Dvorak put these ideas into practice in his own music. Listen here to the second movement of his Symphony No. 9, “From the New World,” which includes a melody so clearly inspired by the spirituals that many listeners assumed it was one. In fact, one of Dvorak’s African-American students, Harry T. Burleigh, later arranged Dvorak’s melody as the song “Goin’ Home”; listen here to Paul Robeson’s rendition of Burleigh’s song. Although musicologists have called into question the extent of Dvorak’s exposure to black and Native American musical traditions, revealing that his knowledge derived largely from white-authored, heavily mediated sources, Dvorak’s commitment was nonetheless remarkable, and his influence, as Russell demonstrates, profound.107
The second part of Russell’s article is especially interesting for the far-reaching legacy that it attributes to Dvorak. Noting the composer’s popularity among critics and audiences alike, Russell expresses confidence that “his death will be a living death.” He first describes the musical successes of Dvorak’s African-American students at the National Conservatory, who, in addition to Burleigh, included singers Theodore Drury, Desseria Plato, and Margaret Scott. More surprisingly, Russell goes on to note that Dvorak’s influence extends to those working in “a lower grade of Negro catchy music”: genres including vaudeville, musical theater, and popular song. In particular, he mentions the songwriters Rosamond Johnson, Sidney Perrin, and Shepard Edmonds.
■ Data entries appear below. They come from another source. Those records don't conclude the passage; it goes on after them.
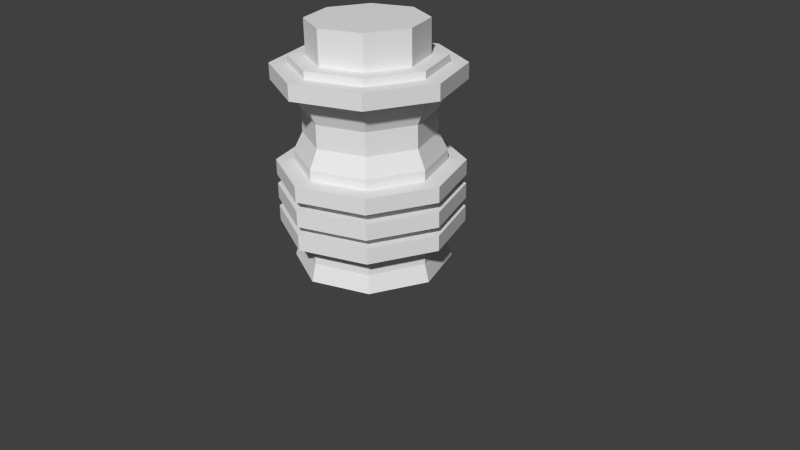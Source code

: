 # Source: andnuclear.blend  (saved by Blender 2.63.0; exported with 4.5.12 LTS)
import bpy
from mathutils import Matrix  # noqa: F401  (used for matrix-valued properties, if any)

bpy.ops.wm.read_factory_settings(use_empty=True)
scene = bpy.context.scene
scene.name = 'Scene'

# ---- collections
col_collection_1 = bpy.data.collections.new('Collection 1'); scene.collection.children.link(col_collection_1)

# ---- world
world_world = bpy.data.worlds.new('World'); scene.world = world_world
world_world.color = (0.05088, 0.05088, 0.05088)
world_world.use_sun_shadow = False
world_world.sun_shadow_jitter_overblur = 0.0
world_world.cycles.sampling_method = 'MANUAL'
world_world.cycles.sample_map_resolution = 256

# ---- cameras
cam_camera = bpy.data.cameras.new('Camera')
cam_camera.clip_end = 100.0
cam_camera.lens = 35.0
cam_camera.sensor_width = 32.0
cam_camera.sensor_height = 18.0
cam_camera.ortho_scale = 7.314
cam_camera.dof.focus_distance = 0.0
cam_camera.dof.aperture_fstop = 128.0

# ---- meshes
me_cylinder_002 = bpy.data.meshes.new('Cylinder.002')
me_cylinder_002.from_pydata([(0.8237, 0.8237, 2.521), (1.228e-09, 1.165, 2.521), (1.228e-09, 1.165, 2.322), (0.8237, 0.8237, 2.322), (1.165, -5.092e-08, 2.322), (0.8237, -0.8237, 2.322), (-1.006e-07, -1.165, 2.322), (-0.8237, -0.8237, 2.322), (-1.165, 1.389e-08, 2.322), (-0.8237, 0.8237, 2.322), (1.165, -5.092e-08, 2.521), (0.8237, -0.8237, 2.521), (-1.006e-07, -1.165, 2.521), (-0.8237, -0.8237, 2.521), (-1.165, 1.389e-08, 2.521), (-0.8237, 0.8237, 2.521), (0.8237, 0.8237, 1.312), (1.228e-09, 1.165, 1.312), (1.228e-09, 1.165, 1.113), (0.8237, 0.8237, 1.113), (1.165, -5.092e-08, 1.113), (0.8237, -0.8237, 1.113), (-1.006e-07, -1.165, 1.113), (-0.8237, -0.8237, 1.113), (-1.165, 1.389e-08, 1.113), (-0.8237, 0.8237, 1.113), (1.165, -5.092e-08, 1.312), (0.8237, -0.8237, 1.312), (-1.006e-07, -1.165, 1.312), (-0.8237, -0.8237, 1.312), (-1.165, 1.389e-08, 1.312), (-0.8237, 0.8237, 1.312), (0.8237, 0.8237, 0.9953), (1.228e-09, 1.165, 0.9953), (1.228e-09, 1.165, 0.7968), (0.8237, 0.8237, 0.7968), (1.165, -5.092e-08, 0.7968), (0.8237, -0.8237, 0.7968), (-1.006e-07, -1.165, 0.7968), (-0.8237, -0.8237, 0.7968), (-1.165, 1.389e-08, 0.7968), (-0.8237, 0.8237, 0.7968), (1.165, -5.092e-08, 0.9953), (0.8237, -0.8237, 0.9953), (-1.006e-07, -1.165, 0.9953), (-0.8237, -0.8237, 0.9953), (-1.165, 1.389e-08, 0.9953), (-0.8237, 0.8237, 0.9953), (0.8237, 0.8237, 0.6889), (1.228e-09, 1.165, 0.6889), (1.228e-09, 1.165, 0.4905), (0.8237, 0.8237, 0.4905), (1.165, -5.092e-08, 0.4905), (0.8237, -0.8237, 0.4905), (-1.006e-07, -1.165, 0.4905), (-0.8237, -0.8237, 0.4905), (-1.165, 1.389e-08, 0.4905), (-0.8237, 0.8237, 0.4905), (1.165, -5.092e-08, 0.6889), (0.8237, -0.8237, 0.6889), (-1.006e-07, -1.165, 0.6889), (-0.8237, -0.8237, 0.6889), (-1.165, 1.389e-08, 0.6889), (-0.8237, 0.8237, 0.6889)], [], [(8, 7, 13, 14), (5, 4, 10, 11), (6, 5, 11, 12), (4, 3, 0, 10), (2, 9, 15, 1), (7, 6, 12, 13), (9, 8, 14, 15), (3, 2, 1, 0), (5, 8, 9, 4), (3, 4, 9, 2), (0, 1, 15, 10), (10, 15, 14, 11), (11, 14, 13, 12), (6, 7, 8, 5), (24, 23, 29, 30), (21, 20, 26, 27), (22, 21, 27, 28), (20, 19, 16, 26), (18, 25, 31, 17), (23, 22, 28, 29), (25, 24, 30, 31), (19, 18, 17, 16), (21, 24, 25, 20), (19, 20, 25, 18), (16, 17, 31, 26), (26, 31, 30, 27), (27, 30, 29, 28), (22, 23, 24, 21), (40, 39, 45, 46), (37, 36, 42, 43), (38, 37, 43, 44), (36, 35, 32, 42), (34, 41, 47, 33), (39, 38, 44, 45), (41, 40, 46, 47), (35, 34, 33, 32), (37, 40, 41, 36), (35, 36, 41, 34), (32, 33, 47, 42), (42, 47, 46, 43), (43, 46, 45, 44), (38, 39, 40, 37), (56, 55, 61, 62), (53, 52, 58, 59), (54, 53, 59, 60), (52, 51, 48, 58), (50, 57, 63, 49), (55, 54, 60, 61), (57, 56, 62, 63), (51, 50, 49, 48), (53, 56, 57, 52), (51, 52, 57, 50), (48, 49, 63, 58), (58, 63, 62, 59), (59, 62, 61, 60), (54, 55, 56, 53)])
_uv = me_cylinder_002.uv_layers.new(name='UVMap')
_uv.uv.foreach_set('vector', [0.6855, 0.9631, 0.5491, 0.9631, 0.5491, 0.9328, 0.6855, 0.9328, 0.5491, 0.9634, 0.6855, 0.9634, 0.6855, 0.9938, 0.5491, 0.9938, 0.5491, 0.9328, 0.6855, 0.9328, 0.6855, 0.9631, 0.5491, 0.9631, 0.5491, 0.9328, 0.6855, 0.9328, 0.6855, 0.9631, 0.5491, 0.9631, 0.6855, 0.9631, 0.5491, 0.9631, 0.5491, 0.9328, 0.6855, 0.9328, 0.5491, 0.9634, 0.6855, 0.9634, 0.6855, 0.9938, 0.5491, 0.9938, 0.6855, 0.9938, 0.5491, 0.9938, 0.5491, 0.9634, 0.6855, 0.9634, 0.6855, 0.9938, 0.5491, 0.9938, 0.5491, 0.9634, 0.6855, 0.9634, 0.9895, 0.8946, 0.659, 0.8946, 0.659, 0.7577, 0.9895, 0.7577, 0.8927, 0.6609, 0.9895, 0.7577, 0.659, 0.7577, 0.7558, 0.6609, 0.8921, 0.9921, 0.7549, 0.9921, 0.6579, 0.8951, 0.989, 0.8951, 0.989, 0.8951, 0.6579, 0.8951, 0.6579, 0.758, 0.989, 0.758, 0.989, 0.758, 0.6579, 0.758, 0.7549, 0.661, 0.8921, 0.661, 0.8927, 0.9914, 0.7558, 0.9914, 0.659, 0.8946, 0.9895, 0.8946, 0.6855, 0.9631, 0.5491, 0.9631, 0.5491, 0.9328, 0.6855, 0.9328, 0.5491, 0.9634, 0.6855, 0.9634, 0.6855, 0.9938, 0.5491, 0.9938, 0.5491, 0.9328, 0.6855, 0.9328, 0.6855, 0.9631, 0.5491, 0.9631, 0.5491, 0.9328, 0.6855, 0.9328, 0.6855, 0.9631, 0.5491, 0.9631, 0.6855, 0.9631, 0.5491, 0.9631, 0.5491, 0.9328, 0.6855, 0.9328, 0.5491, 0.9634, 0.6855, 0.9634, 0.6855, 0.9938, 0.5491, 0.9938, 0.6855, 0.9938, 0.5491, 0.9938, 0.5491, 0.9634, 0.6855, 0.9634, 0.6855, 0.9938, 0.5491, 0.9938, 0.5491, 0.9634, 0.6855, 0.9634, 0.9895, 0.8946, 0.659, 0.8946, 0.659, 0.7577, 0.9895, 0.7577, 0.8927, 0.6609, 0.9895, 0.7577, 0.659, 0.7577, 0.7558, 0.6609, 0.8921, 0.9921, 0.7549, 0.9921, 0.6579, 0.8951, 0.989, 0.8951, 0.989, 0.8951, 0.6579, 0.8951, 0.6579, 0.758, 0.989, 0.758, 0.989, 0.758, 0.6579, 0.758, 0.7549, 0.661, 0.8921, 0.661, 0.8927, 0.9914, 0.7558, 0.9914, 0.659, 0.8946, 0.9895, 0.8946, 0.6855, 0.9631, 0.5491, 0.9631, 0.5491, 0.9328, 0.6855, 0.9328, 0.5491, 0.9634, 0.6855, 0.9634, 0.6855, 0.9938, 0.5491, 0.9938, 0.5491, 0.9328, 0.6855, 0.9328, 0.6855, 0.9631, 0.5491, 0.9631, 0.5491, 0.9328, 0.6855, 0.9328, 0.6855, 0.9631, 0.5491, 0.9631, 0.6855, 0.9631, 0.5491, 0.9631, 0.5491, 0.9328, 0.6855, 0.9328, 0.5491, 0.9634, 0.6855, 0.9634, 0.6855, 0.9938, 0.5491, 0.9938, 0.6855, 0.9938, 0.5491, 0.9938, 0.5491, 0.9634, 0.6855, 0.9634, 0.6855, 0.9938, 0.5491, 0.9938, 0.5491, 0.9634, 0.6855, 0.9634, 0.9895, 0.8946, 0.659, 0.8946, 0.659, 0.7577, 0.9895, 0.7577, 0.8927, 0.6609, 0.9895, 0.7577, 0.659, 0.7577, 0.7558, 0.6609, 0.8921, 0.9921, 0.7549, 0.9921, 0.6579, 0.8951, 0.989, 0.8951, 0.989, 0.8951, 0.6579, 0.8951, 0.6579, 0.758, 0.989, 0.758, 0.989, 0.758, 0.6579, 0.758, 0.7549, 0.661, 0.8921, 0.661, 0.8927, 0.9914, 0.7558, 0.9914, 0.659, 0.8946, 0.9895, 0.8946, 0.6855, 0.9631, 0.5491, 0.9631, 0.5491, 0.9328, 0.6855, 0.9328, 0.5491, 0.9634, 0.6855, 0.9634, 0.6855, 0.9938, 0.5491, 0.9938, 0.5491, 0.9328, 0.6855, 0.9328, 0.6855, 0.9631, 0.5491, 0.9631, 0.5491, 0.9328, 0.6855, 0.9328, 0.6855, 0.9631, 0.5491, 0.9631, 0.6855, 0.9631, 0.5491, 0.9631, 0.5491, 0.9328, 0.6855, 0.9328, 0.5491, 0.9634, 0.6855, 0.9634, 0.6855, 0.9938, 0.5491, 0.9938, 0.6855, 0.9938, 0.5491, 0.9938, 0.5491, 0.9634, 0.6855, 0.9634, 0.6855, 0.9938, 0.5491, 0.9938, 0.5491, 0.9634, 0.6855, 0.9634, 0.9895, 0.8946, 0.659, 0.8946, 0.659, 0.7577, 0.9895, 0.7577, 0.8927, 0.6609, 0.9895, 0.7577, 0.659, 0.7577, 0.7558, 0.6609, 0.8921, 0.9921, 0.7549, 0.9921, 0.6579, 0.8951, 0.989, 0.8951, 0.989, 0.8951, 0.6579, 0.8951, 0.6579, 0.758, 0.989, 0.758, 0.989, 0.758, 0.6579, 0.758, 0.7549, 0.661, 0.8921, 0.661, 0.8927, 0.9914, 0.7558, 0.9914, 0.659, 0.8946, 0.9895, 0.8946])
me_cylinder_002.use_remesh_preserve_volume = False
me_cylinder_002.use_remesh_preserve_attributes = False
me_cylinder_002.use_mirror_vertex_groups = False
me_cylinder_002.update()
me_cylinder_001 = bpy.data.meshes.new('Cylinder.001')
me_cylinder_001.from_pydata([(0.5163, 0.5163, 2.615), (5.526e-08, 0.7302, 2.615), (0.7302, 0.0, 3.044), (0.0, -0.7302, 2.615), (0.7302, 0.0, 2.615), (0.5163, -0.5163, 2.615), (0.5163, 0.5163, 3.044), (0.5163, -0.5163, 3.044), (-8.57e-09, -0.7302, 3.044), (-0.5163, -0.5163, 3.044), (-0.5163, -0.5163, 2.615), (-0.7302, -5.96e-08, 3.044), (-0.5163, 0.5163, 3.044), (-0.7302, -1.192e-07, 2.615), (-0.5163, 0.5163, 2.615), (-1.192e-07, 0.7302, 3.044)], [], [(14, 13, 11, 12), (6, 15, 12, 11, 9, 8, 7, 2), (1, 14, 12, 15), (4, 0, 6, 2), (13, 10, 9, 11), (10, 3, 8, 9), (5, 4, 2, 7), (3, 5, 7, 8), (0, 1, 15, 6)])
_uv = me_cylinder_001.uv_layers.new(name='UVMap')
_uv.uv.foreach_set('vector', [0.1858, 0.7384, 0.0807, 0.7384, 0.0807, 0.6578, 0.1858, 0.6578, 0.262, 0.9217, 0.1868, 0.9969, 0.08038, 0.9969, 0.005161, 0.9217, 0.005161, 0.8153, 0.08038, 0.7401, 0.1868, 0.7401, 0.262, 0.8153, 0.2594, 0.9217, 0.2594, 0.8153, 0.341, 0.8153, 0.341, 0.9217, 0.2594, 0.9217, 0.2594, 0.8153, 0.341, 0.8153, 0.341, 0.9217, 0.2594, 0.9217, 0.2594, 0.8153, 0.341, 0.8153, 0.341, 0.9217, 0.1858, 0.7384, 0.0807, 0.7384, 0.0807, 0.6578, 0.1858, 0.6578, 0.1858, 0.7384, 0.0807, 0.7384, 0.0807, 0.6578, 0.1858, 0.6578, 0.2594, 0.9217, 0.2594, 0.8153, 0.341, 0.8153, 0.341, 0.9217, 0.1858, 0.7384, 0.0807, 0.7384, 0.0807, 0.6578, 0.1858, 0.6578])
me_cylinder_001.use_remesh_preserve_volume = False
me_cylinder_001.use_remesh_preserve_attributes = False
me_cylinder_001.use_mirror_vertex_groups = False
me_cylinder_001.update()
me_cylinder = bpy.data.meshes.new('Cylinder')
me_cylinder.from_pydata([(0.6613, 0.6613, 1.442), (0.6613, 0.6613, 0.2214), (1.0, -4.371e-08, 0.0), (0.9352, -4.088e-08, 0.2214), (0.7071, -0.7071, 0.0), (-0.666, -0.666, 2.615), (-8.742e-08, -1.0, 0.0), (5.96e-08, -0.9419, 2.615), (-0.7071, -0.7071, 0.0), (-0.9419, -1.192e-07, 2.615), (-1.0, 1.192e-08, 0.0), (-0.5163, -0.5163, 2.615), (-0.7302, -5.96e-08, 2.615), (0.0, -0.7302, 2.615), (0.7302, 0.0, 2.615), (0.5163, -0.5163, 2.615), (0.5792, 0.5792, 1.674), (-2.272e-09, 0.8192, 1.674), (0.8192, -3.581e-08, 1.674), (0.666, -0.666, 2.615), (0.9419, 5.96e-08, 2.232), (0.666, -0.666, 2.232), (0.5792, 0.5792, 1.965), (0.8192, -3.581e-08, 1.965), (0.0, -0.8192, 1.965), (0.5792, -0.5792, 1.965), (0.0, -0.8192, 1.674), (0.666, 0.666, 2.232), (0.5792, -0.5792, 1.674), (0.0, -0.9352, 1.442), (0.7071, 0.7071, 0.0), (0.666, 0.666, 2.615), (0.9419, -4.005e-08, 2.615), (0.0, -0.9352, 0.2214), (0.6613, -0.6613, 0.2214), (0.5163, 0.5163, 2.615), (5.526e-08, 0.7302, 2.615), (0.9352, 5.96e-08, 1.442), (0.6613, -0.6613, 1.442), (1.192e-07, -0.9419, 2.232), (-0.666, -0.666, 2.232), (-0.5792, -0.5792, 1.965), (-0.5792, -0.5792, 1.674), (-0.6613, -0.6613, 0.2214), (-0.6613, -0.6613, 1.442), (-0.666, 0.666, 2.615), (-1.788e-07, 0.9419, 2.615), (-0.5163, 0.5163, 2.615), (-1.788e-07, 0.9419, 2.232), (-0.9419, -1.788e-07, 2.232), (-0.666, 0.666, 2.232), (-1.192e-07, 0.8192, 1.965), (-0.8192, -1.788e-07, 1.965), (-0.5792, 0.5792, 1.965), (-0.8192, -1.788e-07, 1.674), (-0.5792, 0.5792, 1.674), (-1.192e-07, 0.9352, 1.442), (-1.192e-07, 0.9352, 0.2214), (-1.788e-07, 1.0, 0.0), (-0.6613, 0.6613, 0.2214), (-0.7071, 0.7071, 0.0), (-0.9352, -1.788e-07, 0.2214), (-0.9352, -1.788e-07, 1.442), (-0.6613, 0.6613, 1.442)], [], [(51, 53, 50, 48), (55, 54, 52, 53), (53, 52, 49, 50), (59, 61, 62, 63), (18, 16, 22, 23), (57, 59, 63, 56), (60, 59, 57, 58), (63, 62, 54, 55), (40, 39, 7, 5), (9, 5, 11, 12), (29, 38, 28, 26), (26, 28, 25, 24), (33, 34, 38, 29), (48, 50, 45, 46), (50, 49, 9, 45), (58, 57, 1, 30), (0, 56, 17, 16), (30, 1, 3, 2), (56, 63, 55, 17), (3, 1, 0, 37), (17, 55, 53, 51), (10, 61, 59, 60), (6, 33, 43, 8), (44, 29, 26, 42), (8, 43, 61, 10), (61, 43, 44, 62), (54, 42, 41, 52), (1, 57, 56, 0), (43, 33, 29, 44), (37, 0, 16, 18), (22, 51, 48, 27), (62, 44, 42, 54), (41, 24, 39, 40), (42, 26, 24, 41), (16, 17, 51, 22), (52, 41, 40, 49), (49, 40, 5, 9), (5, 7, 13, 11), (23, 22, 27, 20), (7, 19, 15, 13), (19, 32, 14, 15), (39, 21, 19, 7), (21, 20, 32, 19), (24, 25, 21, 39), (28, 18, 23, 25), (27, 48, 46, 31), (25, 23, 20, 21), (20, 27, 31, 32), (34, 3, 37, 38), (4, 34, 33, 6), (31, 46, 36, 35), (38, 37, 18, 28), (2, 3, 34, 4), (32, 31, 35, 14), (45, 9, 12, 47), (46, 45, 47, 36)])
_uv = me_cylinder.uv_layers.new(name='UVMap')
_uv.uv.foreach_set('vector', [0.01642, 0.4158, 0.1465, 0.4158, 0.1562, 0.476, 0.006686, 0.476, 0.1836, 0.3556, 0.3136, 0.3556, 0.3136, 0.4158, 0.1836, 0.4158, 0.1836, 0.4158, 0.3136, 0.4158, 0.3234, 0.476, 0.1738, 0.476, 0.1744, 0.0494, 0.3228, 0.0494, 0.3228, 0.3025, 0.1744, 0.3025, 0.01643, 0.3556, 0.1465, 0.3556, 0.1465, 0.4158, 0.01642, 0.4158, 0.007215, 0.0494, 0.1557, 0.0494, 0.1557, 0.3025, 0.007215, 0.3025, 0.1608, 0.001828, 0.1557, 0.0494, 0.007215, 0.0494, 0.002071, 0.001828, 0.1744, 0.3025, 0.3228, 0.3025, 0.3136, 0.3556, 0.1836, 0.3556, 0.1738, 0.476, 0.3234, 0.476, 0.3234, 0.5556, 0.1738, 0.5556, 0.006685, 0.5556, 0.1562, 0.5556, 0.1394, 0.5962, 0.02349, 0.5962, 0.007215, 0.3025, 0.1557, 0.3025, 0.1465, 0.3556, 0.01643, 0.3556, 0.01643, 0.3556, 0.1465, 0.3556, 0.1465, 0.4158, 0.01642, 0.4158, 0.007215, 0.0494, 0.1557, 0.0494, 0.1557, 0.3025, 0.007215, 0.3025, 0.006686, 0.476, 0.1562, 0.476, 0.1562, 0.5556, 0.006685, 0.5556, 0.1738, 0.476, 0.3234, 0.476, 0.3234, 0.5556, 0.1738, 0.5556, 0.328, 0.001828, 0.3228, 0.0494, 0.1744, 0.0494, 0.1692, 0.001828, 0.1744, 0.3025, 0.3228, 0.3025, 0.3136, 0.3556, 0.1836, 0.3556, 0.1608, 0.001828, 0.1557, 0.0494, 0.007215, 0.0494, 0.002071, 0.001828, 0.007215, 0.3025, 0.1557, 0.3025, 0.1465, 0.3556, 0.01643, 0.3556, 0.007215, 0.0494, 0.1557, 0.0494, 0.1557, 0.3025, 0.007215, 0.3025, 0.01643, 0.3556, 0.1465, 0.3556, 0.1465, 0.4158, 0.01642, 0.4158, 0.328, 0.001828, 0.3228, 0.0494, 0.1744, 0.0494, 0.1692, 0.001828, 0.328, 0.001828, 0.3228, 0.0494, 0.1744, 0.0494, 0.1692, 0.001828, 0.1744, 0.3025, 0.3228, 0.3025, 0.3136, 0.3556, 0.1836, 0.3556, 0.1608, 0.001828, 0.1557, 0.0494, 0.007215, 0.0494, 0.002071, 0.001828, 0.007215, 0.0494, 0.1557, 0.0494, 0.1557, 0.3025, 0.007215, 0.3025, 0.01643, 0.3556, 0.1465, 0.3556, 0.1465, 0.4158, 0.01642, 0.4158, 0.1744, 0.0494, 0.3228, 0.0494, 0.3228, 0.3025, 0.1744, 0.3025, 0.1744, 0.0494, 0.3228, 0.0494, 0.3228, 0.3025, 0.1744, 0.3025, 0.007215, 0.3025, 0.1557, 0.3025, 0.1465, 0.3556, 0.01643, 0.3556, 0.1836, 0.4158, 0.3136, 0.4158, 0.3234, 0.476, 0.1738, 0.476, 0.007215, 0.3025, 0.1557, 0.3025, 0.1465, 0.3556, 0.01643, 0.3556, 0.1836, 0.4158, 0.3136, 0.4158, 0.3234, 0.476, 0.1738, 0.476, 0.1836, 0.3556, 0.3136, 0.3556, 0.3136, 0.4158, 0.1836, 0.4158, 0.1836, 0.3556, 0.3136, 0.3556, 0.3136, 0.4158, 0.1836, 0.4158, 0.01642, 0.4158, 0.1465, 0.4158, 0.1562, 0.476, 0.006686, 0.476, 0.006686, 0.476, 0.1562, 0.476, 0.1562, 0.5556, 0.006685, 0.5556, 0.1738, 0.5556, 0.3234, 0.5556, 0.3066, 0.5962, 0.1906, 0.5962, 0.01642, 0.4158, 0.1465, 0.4158, 0.1562, 0.476, 0.006686, 0.476, 0.006685, 0.5556, 0.1562, 0.5556, 0.1394, 0.5962, 0.02349, 0.5962, 0.1738, 0.5556, 0.3234, 0.5556, 0.3066, 0.5962, 0.1906, 0.5962, 0.006686, 0.476, 0.1562, 0.476, 0.1562, 0.5556, 0.006685, 0.5556, 0.1738, 0.476, 0.3234, 0.476, 0.3234, 0.5556, 0.1738, 0.5556, 0.01642, 0.4158, 0.1465, 0.4158, 0.1562, 0.476, 0.006686, 0.476, 0.1836, 0.3556, 0.3136, 0.3556, 0.3136, 0.4158, 0.1836, 0.4158, 0.1738, 0.476, 0.3234, 0.476, 0.3234, 0.5556, 0.1738, 0.5556, 0.1836, 0.4158, 0.3136, 0.4158, 0.3234, 0.476, 0.1738, 0.476, 0.006686, 0.476, 0.1562, 0.476, 0.1562, 0.5556, 0.006685, 0.5556, 0.1744, 0.0494, 0.3228, 0.0494, 0.3228, 0.3025, 0.1744, 0.3025, 0.1608, 0.001828, 0.1557, 0.0494, 0.007215, 0.0494, 0.002071, 0.001828, 0.1738, 0.5556, 0.3234, 0.5556, 0.3066, 0.5962, 0.1906, 0.5962, 0.1744, 0.3025, 0.3228, 0.3025, 0.3136, 0.3556, 0.1836, 0.3556, 0.328, 0.001828, 0.3228, 0.0494, 0.1744, 0.0494, 0.1692, 0.001828, 0.006685, 0.5556, 0.1562, 0.5556, 0.1394, 0.5962, 0.02349, 0.5962, 0.1738, 0.5556, 0.3234, 0.5556, 0.3066, 0.5962, 0.1906, 0.5962, 0.006685, 0.5556, 0.1562, 0.5556, 0.1394, 0.5962, 0.02349, 0.5962])
me_cylinder.use_remesh_preserve_volume = False
me_cylinder.use_remesh_preserve_attributes = False
me_cylinder.use_mirror_vertex_groups = False
me_cylinder.update()

# ---- objects
ob_cylinder_002 = bpy.data.objects.new('Cylinder.002', me_cylinder_002)
ob_cylinder_001 = bpy.data.objects.new('Cylinder.001', me_cylinder_001)
ob_cylinder = bpy.data.objects.new('Cylinder', me_cylinder)
ob_camera = bpy.data.objects.new('Camera', cam_camera)

# ---- transforms, parenting, visibility, modifiers, constraints
ob_cylinder_002.location = (0.0, 0.0, 0.0)
ob_cylinder_002.lineart.crease_threshold = 0.0
ob_cylinder_001.location = (0.0, 0.0, 0.0)
ob_cylinder_001.lineart.crease_threshold = 0.0
ob_cylinder.location = (0.0, 0.0, 0.0)
ob_cylinder.lineart.crease_threshold = 0.0
ob_camera.location = (7.481, -6.508, 5.344)
ob_camera.rotation_euler = (1.109, 0.01082, 0.8149)
ob_camera.lock_rotations_4d = False
ob_camera.empty_display_type = 'ARROWS'
ob_camera.color = (0.0, 0.0, 0.0, 0.0)
ob_camera.display_type = 'WIRE'
ob_camera.lineart.crease_threshold = 0.0

# ---- collection membership
col_collection_1.objects.link(ob_cylinder_002)
col_collection_1.objects.link(ob_cylinder_001)
col_collection_1.objects.link(ob_cylinder)
col_collection_1.objects.link(ob_camera)

# ---- scene / render settings (as saved in the file)
scene.camera = ob_camera
scene.frame_start = 1; scene.frame_end = 250; scene.frame_set(168)
scene.render.engine = 'BLENDER_EEVEE_NEXT'
scene.render.image_settings.color_mode = 'RGB'
scene.render.image_settings.compression = 90
scene.render.resolution_percentage = 50
scene.render.dither_intensity = 0.0
scene.render.bake_margin = 2
scene.render.bake_bias = 0.0
scene.cycles.use_denoising = False
scene.cycles.samples = 10
scene.cycles.sampling_pattern = 'TABULATED_SOBOL'
scene.cycles.light_sampling_threshold = 0.0
scene.cycles.use_adaptive_sampling = False
scene.cycles.use_light_tree = False
scene.cycles.blur_glossy = 0.0
scene.cycles.volume_bounces = 1
scene.cycles.pixel_filter_type = 'GAUSSIAN'
scene.cycles.sample_clamp_indirect = 0.0
scene.view_settings.view_transform = 'Standard'
bpy.context.view_layer.update()

# ---- added for rendering (the .blend has no usable light): sun
light_auto_sun = bpy.data.lights.new('AutoSun', 'SUN')
light_auto_sun.energy = 3.0
light_auto_sun.angle = 0.0523599
ob_auto_sun = bpy.data.objects.new('AutoSun', light_auto_sun)
scene.collection.objects.link(ob_auto_sun)
ob_auto_sun.rotation_euler = (0.872665, 0.174533, 0.523599)
bpy.context.view_layer.update()

By emphasizing that Dvorak had as much of an effect on popular songwriters as he did on classically trained singers, Russell challenges conventional notions of classical music as distinctly separate from other musical forms, instead providing evidence of mutual influence across various genres. Much like Dvorak himself claimed space for the spirituals within the realm of classical music, Russell claims space for Dvorak’s musical ideas within the realm of black popular culture.
The wide range of Russell’s musical references suggests that as a critic and listener, he experienced music in a way that was not limited by genre or by the racial background of its creators. In one sense, the breadth of his musical taste seems akin to that of today’s listeners: in our era of curated playlists, YouTube, and Spotify, we can move with ease across various genres and styles. Russell’s article suggests that, although their modes of access were of course quite different, turn-of-the-century African-American listeners experienced music in much the same way. Because much scholarship on American music tends to be organized along lines of race and genre, however, this aspect of how music functioned in everyday life has often been obscured. A closer look at the work of critics like Russell reveals a more nuanced sense of how African-American listeners experienced music in their everyday lives, and indicates that there is exciting scholarly work to be done in rethinking the categories typically used to study the American musical past.